La microscopie à contraste de phase et la microscopie à contraste interférentiel (utilisent les différences d'indices de réfraction pour les composants cellulaires incolores).
La microscopie par fluorescence (utilise des composés qui absorbent la lumière à une longueur d'onde et l'émettent à une longueur d'onde supérieure).
Le marquage par fluorescence permet de localiser et quantifier des molécules spécifiques.
Les microscopes à fluorescence modernes transmettent la lumière excitatrice à travers l'objectif et observent sélectivement la lumière fluorescente émise.
La microscopie par immunofluorescence utilise des anticorps pour localiser des composants spécifiques dans des cellules fixées et perméabilisées, ou sur la surface de cellules intactes.
Les colorants fluorescents sensibles aux ions peuvent mesurer les concentrations intracellulaires d'ions (ex: Ca2+).
Microscopie optique par immunofluorescence indirecte
C'est la variante la plus couramment utilisée de la microscopie optique par fluorescence.
L'anticorps spécifique de la protéine étudiée est détecté de manière indirecte.
Procédure :
L'échantillon (coupe de tissu ou cellules) est fixé chimiquement et rendu perméable.
Incubation avec un anticorps primaire qui se fixe spécifiquement sur l'antigène étudié.
Incubation avec un anticorps secondaire marqué par un fluorochrome qui se fixe spécifiquement à l'anticorps primaire.
L'échantillon est monté et examiné sous microscope à fluorescence.
Exemple : Marquage de GLUT2 (protéine de transport du glucose) en vert/jaune dans la paroi intestinale de rat, visible dans les faces basales et latérales des cellules intestinales.
Microscopie de super-résolution
Eric Betzig, Stefan W. Hell et William E. Moerner ont reçu le Prix Nobel de Chimie 2014 pour avoir contourné la limite de résolution d'Abbe en microscopie optique.
La technique de Stimulated Emission Depletion (STED), développée par Stefan Hell, utilise deux impulsions lumineuses : une pour exciter les molécules fluorescentes et une autre pour éteindre la fluorescence de toutes les molécules sauf celles situées dans un volume nanométrique au centre.
En balayant l'échantillon et en enregistrant la lumière, une image complète avec une résolution bien supérieure est obtenue.
Microscopie électronique à transmission (MET)
La MET utilise un faisceau d'électrons pour obtenir des images à haute résolution de l'ultrastructure des échantillons biologiques.

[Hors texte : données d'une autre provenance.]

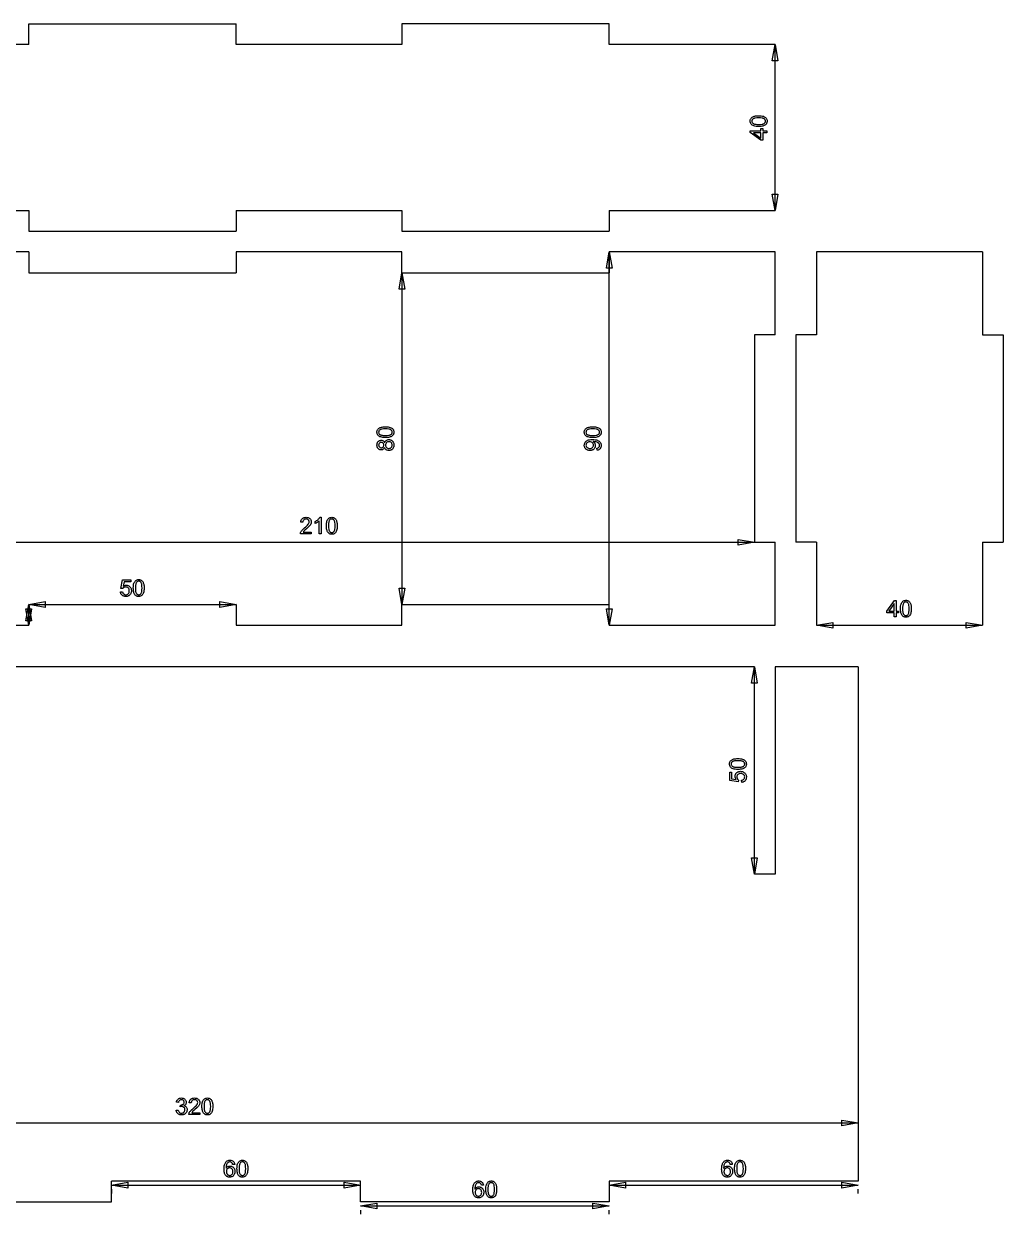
# Model space of a CAD drawing. Extents: x 50 to 405, y 8 to 295.
# Drawn here: x 168.8 to 405, y 8 to 295 of the extents above; entities that cross this region are included whole.
import ezdxf

# ---------------------------------------------------------------- set-up
doc = ezdxf.new("R2010")
doc.units = 0
doc.header["$LTSCALE"] = 10
doc.layers.add('Layer_1', color=7, linetype='CONTINUOUS')

msp = doc.modelspace()

# ---------------------------------------------------------------- linework, layer by layer
at = {"layer": 'Layer_1', "color": 7, "linetype": 'CONTINUOUS'}
for p, q in [((170, 290), (170, 295)), ((170, 295), (220, 295)), ((220, 290), (220, 295)), ((310, 295), (260, 295)), ((260, 295), (260, 290)), ((310, 290), (310, 295)), ((170, 290), (130, 290)), ((260, 290), (220, 290)), ((350, 290), (310, 290)), ((350, 250), (350, 290)), ((350, 250), (350, 290)), ((130, 250), (170, 250)), ((170, 250), (170, 245)), ((220, 250), (220, 245)), ((220, 250), (260, 250)), ((260, 250), (260, 245)), ((310, 250), (350, 250)), ((310, 250), (310, 245)), ((170, 245), (220, 245)), ((260, 245), (310, 245)), ((170, 240), (130, 240)), ((170, 240), (170, 235)), ((220, 240), (220, 235)), ((260, 240), (220, 240)), ((260, 235), (260, 240)), ((350, 240), (310, 240)), ((310, 240), (310, 235)), ((310, 150), (310, 240)), ((350, 220), (350, 240)), ((400, 240), (360, 240)), ((360, 240), (360, 220)), ((400, 240), (400, 220)), ((170, 235), (220, 235)), ((260, 235), (310, 235)), ((260, 235), (260, 155)), ((350, 220), (345, 220)), ((345, 220), (345, 170)), ((360, 220), (355, 220)), ((355, 220), (355, 170)), ((400, 220), (405, 220)), ((405, 220), (405, 170)), ((135, 170), (345, 170)), ((345, 170), (350, 170)), ((350, 150), (350, 170)), ((360, 170), (355, 170)), ((360, 170), (360, 150)), ((400, 170), (405, 170)), ((400, 170), (400, 150)), ((170, 150), (170, 155)), ((170, 155), (220, 155)), ((170, 155), (170, 150)), ((170, 155), (220, 155)), ((220, 155), (220, 150)), ((260, 150), (260, 155)), ((260, 155), (310, 155)), ((310, 150), (310, 155)), ((130, 150), (170, 150)), ((220, 150), (260, 150)), ((310, 150), (350, 150)), ((360, 150), (400, 150)), ((360, 150), (400, 150)), ((345, 140), (135, 140)), ((345, 90), (345, 140)), ((345, 90), (345, 140)), ((370, 140), (350, 140)), ((350, 140), (350, 90)), ((370, 140), (370, 16)), ((350, 90), (345, 90)), ((370, 32), (370, 18)), ((50, 30), (370, 30)), ((190, 11), (190, 16)), ((250, 16), (190, 16)), ((190, 15), (250, 15)), ((250, 11), (250, 16)), ((370, 16), (310, 16)), ((310, 16), (310, 11)), ((310, 15), (370, 15)), ((190, 14), (190, 13)), ((250, 13), (250, 14)), ((310, 14), (310, 13)), ((370, 13), (370, 14)), ((130, 11), (190, 11)), ((310, 11), (250, 11)), ((250, 10), (310, 10)), ((250, 9), (250, 8)), ((310, 8), (310, 9))]:
    msp.add_line(p, q, dxfattribs=at)
at = {"layer": 'Layer_1', "color": 7, "linetype": 'CONTINUOUS', "flags": 128}
for points in [[(350, 290), (350.69, 286.06), (349.31, 286.06), (350, 290)], [(346.03, 270.23), (345.69, 270.24), (345.39, 270.27), (345.12, 270.31), (344.89, 270.38), (344.68, 270.46), (344.5, 270.56), (344.35, 270.68), (344.22, 270.81), (344.12, 270.96), (344.04, 271.14), (344, 271.33), (343.98, 271.54), (343.99, 271.69), (344.02, 271.84), (344.06, 271.97), (344.11, 272.1), (344.19, 272.22), (344.27, 272.32), (344.37, 272.42), (344.49, 272.5), (344.62, 272.58), (344.76, 272.64), (344.91, 272.7), (345.08, 272.75), (345.27, 272.79), (345.49, 272.82), (345.75, 272.83), (346.03, 272.84), (346.36, 272.83), (346.66, 272.8), (346.93, 272.76), (347.16, 272.7), (347.37, 272.61), (347.55, 272.52), (347.7, 272.4), (347.83, 272.26), (347.94, 272.11), (348.01, 271.94), (348.05, 271.75), (348.07, 271.54), (348.06, 271.4), (348.04, 271.26), (348.01, 271.14), (347.96, 271.02), (347.91, 270.91), (347.83, 270.81), (347.75, 270.71), (347.65, 270.63), (347.52, 270.53), (347.36, 270.45), (347.19, 270.39), (347, 270.33), (346.78, 270.29), (346.55, 270.26), (346.3, 270.24), (346.03, 270.23)], [(346.03, 270.74), (346.48, 270.75), (346.85, 270.79), (347, 270.83), (347.13, 270.87), (347.25, 270.91), (347.34, 270.97), (347.48, 271.09), (347.54, 271.16), (347.58, 271.22), (347.62, 271.3), (347.64, 271.37), (347.66, 271.45), (347.66, 271.54), (347.66, 271.62), (347.64, 271.7), (347.62, 271.77), (347.58, 271.85), (347.54, 271.92), (347.48, 271.98), (347.34, 272.11), (347.24, 272.16), (347.13, 272.21), (347, 272.25), (346.85, 272.28), (346.48, 272.32), (346.03, 272.34), (345.57, 272.32), (345.21, 272.28), (345.05, 272.25), (344.92, 272.21), (344.81, 272.16), (344.71, 272.11), (344.57, 271.98), (344.52, 271.92), (344.47, 271.85), (344.44, 271.77), (344.41, 271.7), (344.4, 271.61), (344.39, 271.53), (344.41, 271.37), (344.46, 271.23), (344.55, 271.1), (344.68, 270.99), (344.78, 270.93), (344.9, 270.88), (345.04, 270.84), (345.2, 270.8), (345.38, 270.77), (345.57, 270.75), (346.03, 270.74)], [(348, 268.7), (347.04, 268.7), (347.04, 266.96), (346.59, 266.96), (344, 268.79), (344, 269.19), (346.59, 269.19), (346.59, 269.73), (347.04, 269.73), (347.04, 269.19), (348, 269.19), (348, 268.7)], [(346.59, 268.7), (344.79, 268.7), (346.59, 267.45), (346.59, 268.7)], [(350, 250), (349.31, 253.94), (350.69, 253.94), (350, 250)], [(310, 240), (310.69, 236.06), (309.31, 236.06), (310, 240)], [(260, 235), (260.69, 231.06), (259.31, 231.06), (260, 235)], [(256.03, 195.23), (255.69, 195.24), (255.39, 195.27), (255.12, 195.31), (254.89, 195.38), (254.68, 195.46), (254.5, 195.56), (254.35, 195.68), (254.22, 195.81), (254.12, 195.96), (254.04, 196.14), (254, 196.33), (253.98, 196.54), (253.99, 196.69), (254.02, 196.84), (254.06, 196.97), (254.11, 197.1), (254.19, 197.22), (254.27, 197.32), (254.37, 197.42), (254.49, 197.5), (254.62, 197.58), (254.76, 197.64), (254.91, 197.7), (255.08, 197.75), (255.27, 197.79), (255.49, 197.82), (255.75, 197.83), (256.03, 197.84), (256.36, 197.83), (256.66, 197.8), (256.93, 197.76), (257.16, 197.7), (257.37, 197.61), (257.55, 197.52), (257.7, 197.4), (257.83, 197.26), (257.94, 197.11), (258.01, 196.94), (258.05, 196.75), (258.07, 196.54), (258.06, 196.4), (258.04, 196.26), (258.01, 196.14), (257.96, 196.02), (257.91, 195.91), (257.83, 195.81), (257.75, 195.71), (257.65, 195.63), (257.52, 195.53), (257.36, 195.45), (257.19, 195.39), (257, 195.33), (256.78, 195.29), (256.55, 195.26), (256.3, 195.24), (256.03, 195.23)], [(256.03, 195.74), (256.48, 195.75), (256.85, 195.79), (257, 195.83), (257.13, 195.87), (257.25, 195.91), (257.34, 195.97), (257.48, 196.09), (257.54, 196.16), (257.58, 196.22), (257.62, 196.3), (257.64, 196.37), (257.66, 196.45), (257.66, 196.54), (257.66, 196.62), (257.64, 196.7), (257.62, 196.77), (257.58, 196.85), (257.54, 196.92), (257.48, 196.98), (257.34, 197.11), (257.24, 197.16), (257.13, 197.21), (257, 197.25), (256.85, 197.28), (256.48, 197.32), (256.03, 197.34), (255.57, 197.32), (255.21, 197.28), (255.05, 197.25), (254.92, 197.21), (254.81, 197.16), (254.71, 197.11), (254.57, 196.98), (254.52, 196.92), (254.47, 196.85), (254.44, 196.77), (254.41, 196.7), (254.4, 196.61), (254.39, 196.53), (254.41, 196.37), (254.46, 196.23), (254.55, 196.1), (254.68, 195.99), (254.78, 195.93), (254.9, 195.88), (255.04, 195.84), (255.2, 195.8), (255.38, 195.77), (255.57, 195.75), (256.03, 195.74)], [(306.03, 195.23), (305.69, 195.24), (305.39, 195.27), (305.12, 195.31), (304.89, 195.38), (304.68, 195.46), (304.5, 195.56), (304.35, 195.68), (304.22, 195.81), (304.12, 195.96), (304.04, 196.14), (304, 196.33), (303.98, 196.54), (303.99, 196.69), (304.02, 196.84), (304.06, 196.97), (304.11, 197.1), (304.19, 197.22), (304.27, 197.32), (304.37, 197.42), (304.49, 197.5), (304.62, 197.58), (304.76, 197.64), (304.91, 197.7), (305.08, 197.75), (305.27, 197.79), (305.49, 197.82), (305.75, 197.83), (306.03, 197.84), (306.36, 197.83), (306.66, 197.8), (306.93, 197.76), (307.16, 197.7), (307.37, 197.61), (307.55, 197.52), (307.7, 197.4), (307.83, 197.26), (307.94, 197.11), (308.01, 196.94), (308.05, 196.75), (308.07, 196.54), (308.06, 196.4), (308.04, 196.26), (308.01, 196.14), (307.96, 196.02), (307.91, 195.91), (307.83, 195.81), (307.75, 195.71), (307.65, 195.63), (307.52, 195.53), (307.36, 195.45), (307.19, 195.39), (307, 195.33), (306.78, 195.29), (306.55, 195.26), (306.3, 195.24), (306.03, 195.23)], [(306.03, 195.74), (306.48, 195.75), (306.85, 195.79), (307, 195.83), (307.13, 195.87), (307.25, 195.91), (307.34, 195.97), (307.48, 196.09), (307.54, 196.16), (307.58, 196.22), (307.62, 196.3), (307.64, 196.37), (307.66, 196.45), (307.66, 196.54), (307.66, 196.62), (307.64, 196.7), (307.62, 196.77), (307.58, 196.85), (307.54, 196.92), (307.48, 196.98), (307.34, 197.11), (307.24, 197.16), (307.13, 197.21), (307, 197.25), (306.85, 197.28), (306.48, 197.32), (306.03, 197.34), (305.57, 197.32), (305.21, 197.28), (305.05, 197.25), (304.92, 197.21), (304.81, 197.16), (304.71, 197.11), (304.57, 196.98), (304.52, 196.92), (304.47, 196.85), (304.44, 196.77), (304.41, 196.7), (304.4, 196.61), (304.39, 196.53), (304.41, 196.37), (304.46, 196.23), (304.55, 196.1), (304.68, 195.99), (304.78, 195.93), (304.9, 195.88), (305.04, 195.84), (305.2, 195.8), (305.38, 195.77), (305.57, 195.75), (306.03, 195.74)], [(255.83, 192.88), (255.77, 192.74), (255.7, 192.61), (255.61, 192.51), (255.51, 192.43), (255.4, 192.36), (255.28, 192.32), (255.15, 192.29), (255.02, 192.28), (254.91, 192.28), (254.81, 192.3), (254.71, 192.32), (254.61, 192.36), (254.52, 192.4), (254.44, 192.46), (254.36, 192.52), (254.28, 192.59), (254.21, 192.68), (254.15, 192.76), (254.1, 192.86), (254.06, 192.96), (254.03, 193.07), (254, 193.18), (253.98, 193.43), (254, 193.68), (254.03, 193.79), (254.06, 193.9), (254.1, 194), (254.15, 194.1), (254.22, 194.19), (254.29, 194.27), (254.37, 194.35), (254.45, 194.41), (254.53, 194.47), (254.63, 194.51), (254.72, 194.55), (254.82, 194.57), (254.92, 194.59), (255.03, 194.59), (255.16, 194.58), (255.29, 194.55), (255.41, 194.51), (255.51, 194.44), (255.61, 194.36), (255.7, 194.26), (255.77, 194.14), (255.83, 194), (255.9, 194.17), (255.99, 194.33), (256.09, 194.45), (256.22, 194.56), (256.36, 194.65), (256.51, 194.71), (256.68, 194.74), (256.86, 194.75), (256.98, 194.75), (257.1, 194.73), (257.22, 194.7), (257.33, 194.66), (257.43, 194.61), (257.53, 194.55), (257.63, 194.48), (257.72, 194.39), (257.8, 194.3), (257.87, 194.2), (257.93, 194.09), (257.98, 193.97), (258.02, 193.85), (258.05, 193.72), (258.06, 193.58), (258.07, 193.44), (258.06, 193.29), (258.05, 193.15), (258.02, 193.02), (257.98, 192.9), (257.93, 192.79), (257.87, 192.68), (257.8, 192.58), (257.72, 192.48), (257.63, 192.4), (257.53, 192.32), (257.43, 192.26), (257.32, 192.21), (257.21, 192.17), (257.09, 192.14), (256.97, 192.12), (256.84, 192.12), (256.66, 192.13), (256.48, 192.17), (256.33, 192.23), (256.19, 192.32), (256.07, 192.43), (255.97, 192.56), (255.89, 192.71), (255.83, 192.88)], [(255, 192.78), (255.13, 192.79), (255.26, 192.83), (255.37, 192.88), (255.46, 192.96), (255.54, 193.06), (255.6, 193.17), (255.63, 193.3), (255.64, 193.44), (255.63, 193.57), (255.6, 193.7), (255.54, 193.81), (255.46, 193.9), (255.37, 193.98), (255.27, 194.04), (255.15, 194.07), (255.03, 194.09), (254.9, 194.07), (254.78, 194.04), (254.67, 193.98), (254.57, 193.9), (254.49, 193.8), (254.43, 193.69), (254.4, 193.57), (254.39, 193.43), (254.4, 193.3), (254.43, 193.18), (254.49, 193.07), (254.57, 192.97), (254.66, 192.89), (254.77, 192.83), (254.88, 192.79), (255, 192.78)], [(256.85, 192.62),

La résolution théorique est de 0,005 nm, mais la résolution effective pour les systèmes biologiques est d'environ 0,10 nm (2000 fois mieux que la microscopie optique traditionnelle).
Les échantillons doivent être fixés et ultramicrotomisés, ce qui peut affecter la résolution.
Christian de Duve a été récompensé pour ses travaux sur les lysosomes, découverts par des approches biochimiques et la MET. Les lysosomes sont des sacs d'enzymes dégradant les macromolécules.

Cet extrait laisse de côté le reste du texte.